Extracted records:
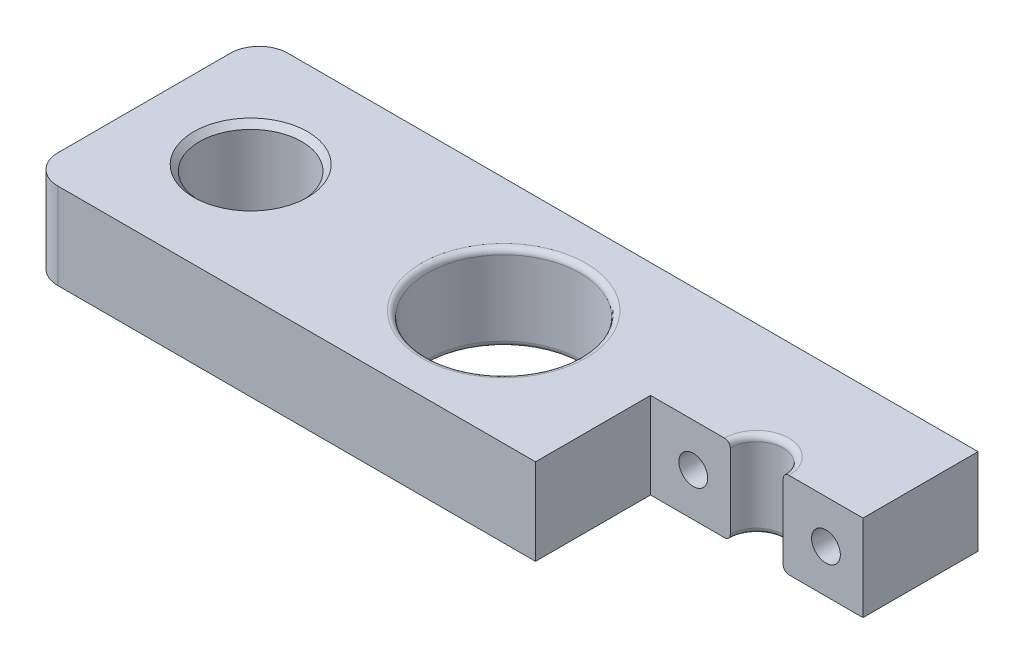
from build123d import *

# Parameters (mm, degrees)
SKETCH_1_W          = 125
SKETCH_1_H          = 40
EXTRUDE_1_DEPTH     = 15
SKETCH_2_R          = 8.9
SKETCH_2_R_2        = 4.6
SKETCH_2_R_3        = 13.3
CUT_EXTRUDE_1_DEPTH = 133.098448136
CHAMFER_1_SIZE      = 1
CHAMFER_2_SIZE      = 1
FILLET_1_R          = 1
SKETCH_5_W          = 40
SKETCH_5_H          = 20
CUT_EXTRUDE_2_DEPTH = 133.098448148
FILLET_4_R          = 5
SKETCH_12_W         = 3.06
SKETCH_12_H         = 20
EXTRUDE_2_DEPTH     = 15
SKETCH_14_R         = 2.5
CUT_EXTRUDE_3_DEPTH = 128.47548784


with BuildPart() as part:
    # 草圖1 → 填料-伸長1 (new body)
    with BuildSketch(Plane(origin=(0, 0, 0), x_dir=(1, 0, 0), z_dir=(0, 1, 0))):
        with Locations((62.5, 20)):
            Rectangle(SKETCH_1_W, SKETCH_1_H)
    extrude(amount=EXTRUDE_1_DEPTH)

    # 草圖2 → 除料-伸長1 (cut, through all)
    with BuildSketch(Plane(origin=(0, 15, 0), x_dir=(1, 0, 0), z_dir=(0, 1, 0))):
        with Locations(Location((18.526668527, 20, 0), (0, 0, 270))):
            Circle(SKETCH_2_R)
        with Locations(Location((106.526668527, 20, 0), (0, 0, 270))):
            Circle(SKETCH_2_R_2)
        with Locations(Location((62.526668527, 20, 0), (0, 0, 270))):
            Circle(SKETCH_2_R_3)
    extrude(amount=-CUT_EXTRUDE_1_DEPTH, mode=Mode.SUBTRACT)

    # 導角1
    chamfer_1_edges = [part.edges().sort_by_distance(p)[0] for p in [
        (18.526668527, 15, -28.9),
    ]]
    chamfer(chamfer_1_edges, length=CHAMFER_1_SIZE)

    # 導角2
    chamfer_2_edges = [part.edges().sort_by_distance(p)[0] for p in [
        (18.526668527, 0, -28.9),
    ]]
    chamfer(chamfer_2_edges, length=CHAMFER_2_SIZE)

    # 圓角1
    fillet_1_edges = [part.edges().sort_by_distance(p)[0] for p in [
        (106.526668527, 0, -24.6),
        (106.526668527, 15, -24.6),
        (62.526668527, 0, -33.3),
        (62.526668527, 15, -33.3),
    ]]
    fillet(fillet_1_edges, radius=FILLET_1_R)

    # 草圖5 → 除料-伸長2 (cut, through all)
    with BuildSketch(Plane(origin=(0, 15, 0), x_dir=(1, 0, 0), z_dir=(0, 1, 0))):
        with Locations((105, 10)):
            Rectangle(SKETCH_5_W, SKETCH_5_H)
    extrude(amount=-CUT_EXTRUDE_2_DEPTH, mode=Mode.SUBTRACT)

    # 圓角4
    fillet_4_edges = [part.edges().sort_by_distance(p)[0] for p in [
        (0, 7.5, -40),
        (0, 7.5, 0),
    ]]
    fillet(fillet_4_edges, radius=FILLET_4_R)

    # 草圖12 → 填料-伸長2 (add)
    with BuildSketch(Plane(origin=(0, 15, 0), x_dir=(1, 0, 0), z_dir=(0, 1, 0))):
        with Locations((86.53, 10)):
            Rectangle(SKETCH_12_W, SKETCH_12_H)
    extrude(amount=-EXTRUDE_2_DEPTH)

    # 草圖14 → 除料-伸長3 (cut, through all)
    with BuildSketch(Plane.XY.offset(-20)):
        with Locations((118.565, 7.5)):
            Circle(SKETCH_14_R)
        with Locations((95.491668527, 7.5)):
            Circle(SKETCH_14_R)
    extrude(amount=-CUT_EXTRUDE_3_DEPTH, mode=Mode.SUBTRACT)


solid = part.part

### TASK DESCRIPTION
The lines above that hold the word "Rectangle" are the ones to copy.

### TASK RESULT
            Rectangle(SKETCH_1_W, SKETCH_1_H)
            Rectangle(SKETCH_5_W, SKETCH_5_H)
            Rectangle(SKETCH_12_W, SKETCH_12_H)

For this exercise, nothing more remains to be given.